(What needs to be done):
Where a line below holds the string "OutDataType", copy that line.

(Recorded data):
-=-=-
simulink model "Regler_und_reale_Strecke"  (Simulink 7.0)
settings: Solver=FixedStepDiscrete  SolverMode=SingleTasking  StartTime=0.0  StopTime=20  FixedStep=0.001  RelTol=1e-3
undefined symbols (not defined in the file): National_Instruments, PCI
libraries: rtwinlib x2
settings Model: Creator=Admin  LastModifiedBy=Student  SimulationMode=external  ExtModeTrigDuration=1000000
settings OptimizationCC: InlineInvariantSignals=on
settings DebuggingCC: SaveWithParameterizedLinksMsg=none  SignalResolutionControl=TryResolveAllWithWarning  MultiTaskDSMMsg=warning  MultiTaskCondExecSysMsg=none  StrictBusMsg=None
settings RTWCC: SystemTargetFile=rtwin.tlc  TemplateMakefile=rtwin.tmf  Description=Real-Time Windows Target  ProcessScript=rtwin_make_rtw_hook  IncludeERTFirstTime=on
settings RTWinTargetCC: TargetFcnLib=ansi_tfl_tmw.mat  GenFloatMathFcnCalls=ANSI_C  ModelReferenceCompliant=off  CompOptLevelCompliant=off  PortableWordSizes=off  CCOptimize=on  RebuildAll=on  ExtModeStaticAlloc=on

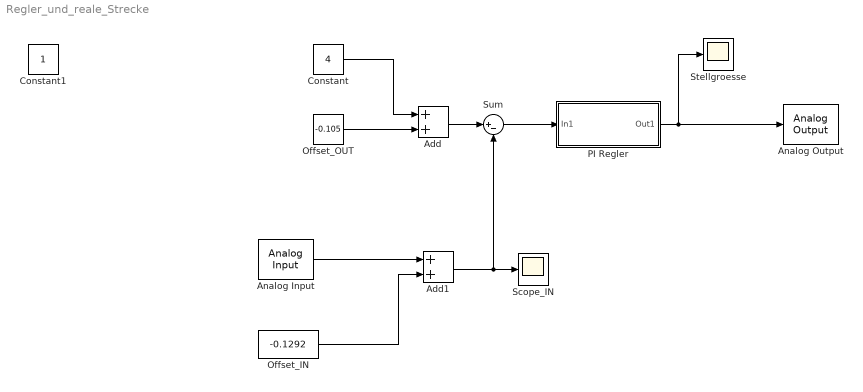
== system Regler_und_reale_Strecke ==
  Add : Sum  OutDataType=sfix(16)  OutScaling=2^-10
  Add1 : Sum  OutDataType=sfix(16)  OutScaling=2^-10
  Analog Input : rtwinlib/Analog Input  SampleTime=0.001  DrvName=National_Instruments/PCI-6025E  DrvAddress=4294967295  DrvOptions=[0 1 0 0 0 0]  Channels=1  RangeMode=1  VoltRange=1  DataType=1
      settings: AttributesFormatString=National Instruments\nPCI-6025E [auto]
  Analog Output : rtwinlib/Analog Output  SampleTime=0.001  DrvName=National_Instruments/PCI-6025E  DrvAddress=4294967295  DrvOptions=[0 1 0 0 0 0]  Channels=1  RangeMode=1  VoltRange=1  InitialValue=0  FinalValue=0
      settings: AttributesFormatString=National Instruments\nPCI-6025E [auto]
  Constant : Constant  Value=4  OutDataType=sfix(16)  OutScaling=2^0
  Offset_IN : Constant  Value=-0.1292  OutDataType=sfix(16)  OutScaling=2^0
  Offset_OUT : Constant  Value=-0.105  OutDataType=sfix(16)  OutScaling=2^0
  PI Regler : Subsystem
  Scope_IN : Scope
      settings: TimeRange=1  YMin=3.5  YMax=4.5  SaveName=ScopeIn_sprungant  DataFormat=Array
  Stellgroesse : Scope
      settings: TimeRange=1  YMin=2.5  YMax=3.5  SaveName=ScopeOut1  DataFormat=Array
  Sum : Sum  Inputs=|+-  OutDataType=sfix(16)  OutScaling=2^0
  Constant1 : Constant  IOType=siggen  OutDataType=sfix(16)  OutScaling=2^0
  wires:
  Analog Input/1 -> Add1/1
  Offset_OUT/1 -> Add/2
  Offset_IN/1 -> Add1/2
  Constant/1 -> Add/1
  PI Regler/1(Out1) -> Analog Output/1, Stellgroesse/1
  Add/1 -> Sum/1
  Sum/1 -> PI Regler/1(In1)
  Add1/1 -> Sum/2, Scope_IN/1

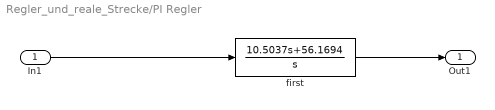
== system Regler_und_reale_Strecke/PI Regler ==
  In1 : Inport  OutDataType=sfix(16)  OutScaling=2^0
  first : TransferFcn  Numerator=[10.5037 56.1694]  Denominator=[1 0]
  Out1 : Outport  OutDataType=sfix(16)  OutScaling=2^0
  wires:
  In1/1 -> first/1
  first/1 -> Out1/1
-=-=-
(Expected answer):
  Add : Sum  OutDataType=sfix(16)  OutScaling=2^-10
  Add1 : Sum  OutDataType=sfix(16)  OutScaling=2^-10
  Constant : Constant  Value=4  OutDataType=sfix(16)  OutScaling=2^0
  Offset_IN : Constant  Value=-0.1292  OutDataType=sfix(16)  OutScaling=2^0
  Offset_OUT : Constant  Value=-0.105  OutDataType=sfix(16)  OutScaling=2^0
  Sum : Sum  Inputs=|+-  OutDataType=sfix(16)  OutScaling=2^0
  Constant1 : Constant  IOType=siggen  OutDataType=sfix(16)  OutScaling=2^0
  In1 : Inport  OutDataType=sfix(16)  OutScaling=2^0
  Out1 : Outport  OutDataType=sfix(16)  OutScaling=2^0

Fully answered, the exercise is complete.